アイドルタイムとは、比較的来客が少なく従業員の人手があまりやすい時間のこと。

アイドルタイムとは、来客が落ち着き、人手が余る時間帯を指します。飲食店によって具体的な時間は違いますが、ランチが終わり、ディナーが始まるまでの時間帯を指すことが一般的です。

アイドルタイムは来客が減少するため、従業員の休憩時間に活用している飲食店も多数見受けられます。

一方、昼食や夕食時間帯の来客数がとくに多く、稼働率も高い時間帯はピークタイムといい、アイドルタイムの対義語として使われています。

アイドルタイムの由来

アイドルタイムは、英語の「idle(アイドル)」を語源としています。「idle」は、遊んでいる・仕事がないなどを意味する言葉です。時間を意味するタイムが加わり、仕事が落ち着いている暇な時間を「アイドルタイム」と表現するようになったといわれています。
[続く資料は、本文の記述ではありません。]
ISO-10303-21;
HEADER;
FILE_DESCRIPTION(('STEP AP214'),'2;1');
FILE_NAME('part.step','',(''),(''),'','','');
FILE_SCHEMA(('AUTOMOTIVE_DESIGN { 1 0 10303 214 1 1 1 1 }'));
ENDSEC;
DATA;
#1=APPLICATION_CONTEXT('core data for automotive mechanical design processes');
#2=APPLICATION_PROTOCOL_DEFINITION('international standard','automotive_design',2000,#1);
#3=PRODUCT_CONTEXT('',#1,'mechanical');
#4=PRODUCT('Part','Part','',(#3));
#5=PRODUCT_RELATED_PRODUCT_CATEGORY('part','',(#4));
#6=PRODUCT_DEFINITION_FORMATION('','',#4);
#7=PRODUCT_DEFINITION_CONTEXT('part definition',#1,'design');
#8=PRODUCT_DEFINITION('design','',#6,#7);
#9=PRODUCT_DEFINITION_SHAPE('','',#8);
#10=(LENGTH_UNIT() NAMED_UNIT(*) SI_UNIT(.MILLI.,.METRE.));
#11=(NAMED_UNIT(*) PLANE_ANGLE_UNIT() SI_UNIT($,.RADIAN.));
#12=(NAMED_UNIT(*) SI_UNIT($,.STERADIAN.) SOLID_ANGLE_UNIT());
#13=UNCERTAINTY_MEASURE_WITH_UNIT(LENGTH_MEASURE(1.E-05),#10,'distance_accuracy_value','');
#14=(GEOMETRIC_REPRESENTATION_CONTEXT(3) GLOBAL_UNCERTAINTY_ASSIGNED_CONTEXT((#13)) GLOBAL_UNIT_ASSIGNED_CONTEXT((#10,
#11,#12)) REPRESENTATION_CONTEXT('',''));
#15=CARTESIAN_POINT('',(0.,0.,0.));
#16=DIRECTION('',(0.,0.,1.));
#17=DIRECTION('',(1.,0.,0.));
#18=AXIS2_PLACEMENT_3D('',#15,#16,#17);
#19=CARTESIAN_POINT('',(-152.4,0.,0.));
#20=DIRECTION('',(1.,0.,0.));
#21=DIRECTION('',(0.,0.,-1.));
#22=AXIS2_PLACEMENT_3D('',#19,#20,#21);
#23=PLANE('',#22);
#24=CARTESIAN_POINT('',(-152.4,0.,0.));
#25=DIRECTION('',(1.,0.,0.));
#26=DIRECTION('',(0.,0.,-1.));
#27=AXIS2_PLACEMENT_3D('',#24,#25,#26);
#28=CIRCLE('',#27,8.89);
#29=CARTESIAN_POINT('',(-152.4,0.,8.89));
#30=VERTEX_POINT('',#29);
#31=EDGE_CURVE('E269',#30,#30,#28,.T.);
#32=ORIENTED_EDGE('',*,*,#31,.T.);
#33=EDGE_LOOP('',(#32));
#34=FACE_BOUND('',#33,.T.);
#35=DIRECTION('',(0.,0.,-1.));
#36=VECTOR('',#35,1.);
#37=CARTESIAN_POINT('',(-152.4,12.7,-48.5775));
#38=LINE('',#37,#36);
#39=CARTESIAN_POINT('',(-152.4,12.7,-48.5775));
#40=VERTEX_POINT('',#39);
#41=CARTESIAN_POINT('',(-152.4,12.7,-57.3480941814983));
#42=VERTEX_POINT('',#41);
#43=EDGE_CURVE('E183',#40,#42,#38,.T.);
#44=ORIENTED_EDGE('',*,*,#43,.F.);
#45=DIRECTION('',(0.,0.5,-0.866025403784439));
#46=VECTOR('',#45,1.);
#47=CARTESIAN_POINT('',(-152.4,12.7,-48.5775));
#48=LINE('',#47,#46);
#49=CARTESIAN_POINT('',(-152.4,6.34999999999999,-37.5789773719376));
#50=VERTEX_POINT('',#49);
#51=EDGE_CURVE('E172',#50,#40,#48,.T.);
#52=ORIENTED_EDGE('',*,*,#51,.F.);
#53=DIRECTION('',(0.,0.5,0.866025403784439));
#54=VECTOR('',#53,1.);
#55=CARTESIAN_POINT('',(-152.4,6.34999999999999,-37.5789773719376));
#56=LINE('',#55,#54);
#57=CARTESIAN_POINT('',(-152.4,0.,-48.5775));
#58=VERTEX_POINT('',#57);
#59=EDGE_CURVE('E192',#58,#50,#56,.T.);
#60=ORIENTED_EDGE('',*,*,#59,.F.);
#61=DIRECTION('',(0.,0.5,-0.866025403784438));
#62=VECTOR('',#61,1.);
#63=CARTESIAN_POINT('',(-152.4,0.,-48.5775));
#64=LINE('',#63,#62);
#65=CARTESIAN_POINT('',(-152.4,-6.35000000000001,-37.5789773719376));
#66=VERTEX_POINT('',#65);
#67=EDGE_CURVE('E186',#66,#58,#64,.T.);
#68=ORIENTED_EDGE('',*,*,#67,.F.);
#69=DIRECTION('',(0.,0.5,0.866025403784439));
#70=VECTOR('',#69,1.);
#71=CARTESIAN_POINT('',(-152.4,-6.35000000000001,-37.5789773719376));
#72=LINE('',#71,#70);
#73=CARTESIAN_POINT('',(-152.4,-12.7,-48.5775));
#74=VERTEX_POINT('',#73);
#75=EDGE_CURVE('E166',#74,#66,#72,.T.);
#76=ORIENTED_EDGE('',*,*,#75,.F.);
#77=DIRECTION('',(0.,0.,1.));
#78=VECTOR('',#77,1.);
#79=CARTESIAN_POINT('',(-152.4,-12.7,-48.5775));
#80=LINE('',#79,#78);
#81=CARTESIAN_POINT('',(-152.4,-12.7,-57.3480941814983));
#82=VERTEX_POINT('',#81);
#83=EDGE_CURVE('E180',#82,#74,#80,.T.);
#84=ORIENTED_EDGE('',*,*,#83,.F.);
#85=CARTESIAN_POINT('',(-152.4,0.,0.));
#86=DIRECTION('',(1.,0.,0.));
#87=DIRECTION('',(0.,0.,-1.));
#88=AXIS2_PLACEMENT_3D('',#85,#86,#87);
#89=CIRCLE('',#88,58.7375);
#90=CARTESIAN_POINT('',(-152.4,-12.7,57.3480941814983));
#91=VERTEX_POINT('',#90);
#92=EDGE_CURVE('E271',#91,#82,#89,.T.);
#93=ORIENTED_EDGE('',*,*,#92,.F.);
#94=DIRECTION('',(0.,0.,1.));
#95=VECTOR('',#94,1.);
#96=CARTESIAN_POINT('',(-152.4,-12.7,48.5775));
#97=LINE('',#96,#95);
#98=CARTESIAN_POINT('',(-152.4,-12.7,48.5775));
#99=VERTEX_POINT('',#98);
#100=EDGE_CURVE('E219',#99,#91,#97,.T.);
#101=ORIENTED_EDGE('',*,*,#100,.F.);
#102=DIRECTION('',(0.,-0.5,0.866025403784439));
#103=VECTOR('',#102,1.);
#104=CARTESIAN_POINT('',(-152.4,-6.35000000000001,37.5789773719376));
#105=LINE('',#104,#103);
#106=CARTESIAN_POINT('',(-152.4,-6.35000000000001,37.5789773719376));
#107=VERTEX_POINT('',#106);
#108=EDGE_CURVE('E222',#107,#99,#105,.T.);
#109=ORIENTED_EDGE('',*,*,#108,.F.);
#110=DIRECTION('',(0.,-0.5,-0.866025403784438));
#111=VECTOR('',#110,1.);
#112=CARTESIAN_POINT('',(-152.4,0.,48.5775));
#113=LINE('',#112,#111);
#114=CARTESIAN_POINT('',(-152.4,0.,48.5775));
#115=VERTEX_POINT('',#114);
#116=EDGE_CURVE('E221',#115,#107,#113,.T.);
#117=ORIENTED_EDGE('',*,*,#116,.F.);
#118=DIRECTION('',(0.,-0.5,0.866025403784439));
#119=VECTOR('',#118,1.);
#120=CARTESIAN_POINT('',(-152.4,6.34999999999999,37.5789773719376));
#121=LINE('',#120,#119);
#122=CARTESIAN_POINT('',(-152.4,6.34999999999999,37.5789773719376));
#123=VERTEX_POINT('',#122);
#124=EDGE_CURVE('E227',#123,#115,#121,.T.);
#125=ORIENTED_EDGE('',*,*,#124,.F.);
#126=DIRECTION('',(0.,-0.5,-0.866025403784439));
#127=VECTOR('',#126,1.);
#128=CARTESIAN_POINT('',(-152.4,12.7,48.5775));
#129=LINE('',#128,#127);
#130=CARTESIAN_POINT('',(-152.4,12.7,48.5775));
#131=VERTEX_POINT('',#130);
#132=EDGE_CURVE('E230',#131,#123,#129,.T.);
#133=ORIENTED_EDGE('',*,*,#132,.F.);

なお日本語では、「無作業時間」や「遊休時間」などと表現されます。

また「アイドリングタイム」「アイドル時間」と表記されることもありますが、いずれも同じ意味で使われています。英語では「idle time」と表記します。

【業態別】飲食店のアイドルタイム

アイドルタイムの具体的な時間帯は、業態・立地・客層によって異なります。以下はあくまで一般的な目安です。

業態アイドルタイムの目安補足
カフェ・喫茶店13〜15時モーニング・ランチ後の落ち着き時間帯
レストラン15〜17時ランチ終了〜ディナー開始の間
居酒屋オープン〜19時頃会社員の就業時間前は客足が少ない
ファミリーレストラン14〜17時学校のある平日は特に顕著

また、同じ業態でもオフィス街ではランチの波が鋭く短く(12〜13時がピーク)、住宅街では緩やかで長い(11〜14時)傾向があります。大雨・雪などの悪天候でも、イレギュラーなアイドルタイムが発生することを念頭に置いておきましょう。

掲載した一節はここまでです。